Exercise inputs »
☆ ☆ ☆

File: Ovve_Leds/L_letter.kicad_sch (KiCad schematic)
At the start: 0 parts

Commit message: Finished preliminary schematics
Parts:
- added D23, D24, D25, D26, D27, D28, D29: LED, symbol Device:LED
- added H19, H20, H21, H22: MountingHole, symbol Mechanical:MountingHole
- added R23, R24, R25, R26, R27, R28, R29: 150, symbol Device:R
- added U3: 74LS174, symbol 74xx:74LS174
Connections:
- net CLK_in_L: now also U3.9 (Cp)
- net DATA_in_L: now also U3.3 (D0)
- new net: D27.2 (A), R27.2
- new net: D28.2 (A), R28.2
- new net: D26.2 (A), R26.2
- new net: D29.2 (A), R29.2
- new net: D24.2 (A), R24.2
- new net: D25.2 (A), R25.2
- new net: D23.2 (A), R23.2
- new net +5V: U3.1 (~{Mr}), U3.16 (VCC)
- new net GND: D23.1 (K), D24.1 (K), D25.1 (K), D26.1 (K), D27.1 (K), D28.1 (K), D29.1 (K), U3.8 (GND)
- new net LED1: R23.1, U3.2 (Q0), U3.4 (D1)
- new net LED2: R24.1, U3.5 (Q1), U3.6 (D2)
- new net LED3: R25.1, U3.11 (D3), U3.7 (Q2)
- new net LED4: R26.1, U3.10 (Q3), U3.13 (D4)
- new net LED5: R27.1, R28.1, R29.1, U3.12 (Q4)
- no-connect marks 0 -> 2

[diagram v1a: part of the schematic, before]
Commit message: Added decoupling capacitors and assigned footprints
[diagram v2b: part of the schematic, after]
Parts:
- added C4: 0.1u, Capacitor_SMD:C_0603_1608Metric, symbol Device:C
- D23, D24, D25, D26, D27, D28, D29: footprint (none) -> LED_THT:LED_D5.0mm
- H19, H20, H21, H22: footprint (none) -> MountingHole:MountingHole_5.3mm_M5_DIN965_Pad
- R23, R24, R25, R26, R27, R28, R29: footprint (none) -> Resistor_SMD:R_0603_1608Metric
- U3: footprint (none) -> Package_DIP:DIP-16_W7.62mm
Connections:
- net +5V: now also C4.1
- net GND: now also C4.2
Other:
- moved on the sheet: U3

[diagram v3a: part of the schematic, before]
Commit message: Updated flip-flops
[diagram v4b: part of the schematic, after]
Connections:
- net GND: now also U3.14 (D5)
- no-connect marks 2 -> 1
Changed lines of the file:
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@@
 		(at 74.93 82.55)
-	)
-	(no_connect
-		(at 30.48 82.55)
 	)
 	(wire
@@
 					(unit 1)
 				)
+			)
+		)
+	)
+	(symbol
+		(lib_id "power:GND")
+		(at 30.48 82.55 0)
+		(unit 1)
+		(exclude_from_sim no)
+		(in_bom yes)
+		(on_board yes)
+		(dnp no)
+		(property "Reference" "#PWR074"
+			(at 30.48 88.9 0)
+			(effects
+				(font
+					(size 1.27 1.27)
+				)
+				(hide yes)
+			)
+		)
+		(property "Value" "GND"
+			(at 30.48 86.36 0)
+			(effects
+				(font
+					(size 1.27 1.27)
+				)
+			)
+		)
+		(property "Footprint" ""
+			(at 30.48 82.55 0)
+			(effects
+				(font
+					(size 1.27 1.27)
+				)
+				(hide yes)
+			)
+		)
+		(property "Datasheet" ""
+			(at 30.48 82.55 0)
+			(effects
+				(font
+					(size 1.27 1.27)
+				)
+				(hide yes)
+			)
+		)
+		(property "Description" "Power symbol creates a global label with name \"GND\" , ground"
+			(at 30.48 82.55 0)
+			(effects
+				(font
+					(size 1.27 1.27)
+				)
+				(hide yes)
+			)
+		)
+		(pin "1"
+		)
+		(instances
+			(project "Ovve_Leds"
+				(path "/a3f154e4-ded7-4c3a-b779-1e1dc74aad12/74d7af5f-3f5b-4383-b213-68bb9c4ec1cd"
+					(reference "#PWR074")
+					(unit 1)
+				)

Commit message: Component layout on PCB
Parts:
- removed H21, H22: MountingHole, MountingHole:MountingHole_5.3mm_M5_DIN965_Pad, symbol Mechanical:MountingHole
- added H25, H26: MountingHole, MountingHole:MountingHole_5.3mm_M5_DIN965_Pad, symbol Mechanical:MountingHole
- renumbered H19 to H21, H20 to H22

☆ ☆ ☆

Task objective » Write out the records once more, precisely as they stand.

Exercise response »
File: Ovve_Leds/L_letter.kicad_sch (KiCad schematic)
At the start: 0 parts

Commit message: Finished preliminary schematics
Parts:
- added D23, D24, D25, D26, D27, D28, D29: LED, symbol Device:LED
- added H19, H20, H21, H22: MountingHole, symbol Mechanical:MountingHole
- added R23, R24, R25, R26, R27, R28, R29: 150, symbol Device:R
- added U3: 74LS174, symbol 74xx:74LS174
Connections:
- net CLK_in_L: now also U3.9 (Cp)
- net DATA_in_L: now also U3.3 (D0)
- new net: D27.2 (A), R27.2
- new net: D28.2 (A), R28.2
- new net: D26.2 (A), R26.2
- new net: D29.2 (A), R29.2
- new net: D24.2 (A), R24.2
- new net: D25.2 (A), R25.2
- new net: D23.2 (A), R23.2
- new net +5V: U3.1 (~{Mr}), U3.16 (VCC)
- new net GND: D23.1 (K), D24.1 (K), D25.1 (K), D26.1 (K), D27.1 (K), D28.1 (K), D29.1 (K), U3.8 (GND)
- new net LED1: R23.1, U3.2 (Q0), U3.4 (D1)
- new net LED2: R24.1, U3.5 (Q1), U3.6 (D2)
- new net LED3: R25.1, U3.11 (D3), U3.7 (Q2)
- new net LED4: R26.1, U3.10 (Q3), U3.13 (D4)
- new net LED5: R27.1, R28.1, R29.1, U3.12 (Q4)
- no-connect marks 0 -> 2

[diagram v1a: part of the schematic, before]
Commit message: Added decoupling capacitors and assigned footprints
[diagram v2b: part of the schematic, after]
Parts:
- added C4: 0.1u, Capacitor_SMD:C_0603_1608Metric, symbol Device:C
- D23, D24, D25, D26, D27, D28, D29: footprint (none) -> LED_THT:LED_D5.0mm
- H19, H20, H21, H22: footprint (none) -> MountingHole:MountingHole_5.3mm_M5_DIN965_Pad
- R23, R24, R25, R26, R27, R28, R29: footprint (none) -> Resistor_SMD:R_0603_1608Metric
- U3: footprint (none) -> Package_DIP:DIP-16_W7.62mm
Connections:
- net +5V: now also C4.1
- net GND: now also C4.2
Other:
- moved on the sheet: U3

[diagram v3a: part of the schematic, before]
Commit message: Updated flip-flops
[diagram v4b: part of the schematic, after]
Connections:
- net GND: now also U3.14 (D5)
- no-connect marks 2 -> 1
Changed lines of the file:
@@
 		(at 74.93 82.55)
-	)
-	(no_connect
-		(at 30.48 82.55)
 	)
 	(wire
@@
 					(unit 1)
 				)
+			)
+		)
+	)
+	(symbol
+		(lib_id "power:GND")
+		(at 30.48 82.55 0)
+		(unit 1)
+		(exclude_from_sim no)
+		(in_bom yes)
+		(on_board yes)
+		(dnp no)
+		(property "Reference" "#PWR074"
+			(at 30.48 88.9 0)
+			(effects
+				(font
+					(size 1.27 1.27)
+				)
+				(hide yes)
+			)
+		)
+		(property "Value" "GND"
+			(at 30.48 86.36 0)
+			(effects
+				(font
+					(size 1.27 1.27)
+				)
+			)
+		)
+		(property "Footprint" ""
+			(at 30.48 82.55 0)
+			(effects
+				(font
+					(size 1.27 1.27)
+				)
+				(hide yes)
+			)
+		)
+		(property "Datasheet" ""
+			(at 30.48 82.55 0)
+			(effects
+				(font
+					(size 1.27 1.27)
+				)
+				(hide yes)
+			)
+		)
+		(property "Description" "Power symbol creates a global label with name \"GND\" , ground"
+			(at 30.48 82.55 0)
+			(effects
+				(font
+					(size 1.27 1.27)
+				)
+				(hide yes)
+			)
+		)
+		(pin "1"
+		)
+		(instances
+			(project "Ovve_Leds"
+				(path "/a3f154e4-ded7-4c3a-b779-1e1dc74aad12/74d7af5f-3f5b-4383-b213-68bb9c4ec1cd"
+					(reference "#PWR074")
+					(unit 1)
+				)

Commit message: Component layout on PCB
Parts:
- removed H21, H22: MountingHole, MountingHole:MountingHole_5.3mm_M5_DIN965_Pad, symbol Mechanical:MountingHole
- added H25, H26: MountingHole, MountingHole:MountingHole_5.3mm_M5_DIN965_Pad, symbol Mechanical:MountingHole
- renumbered H19 to H21, H20 to H22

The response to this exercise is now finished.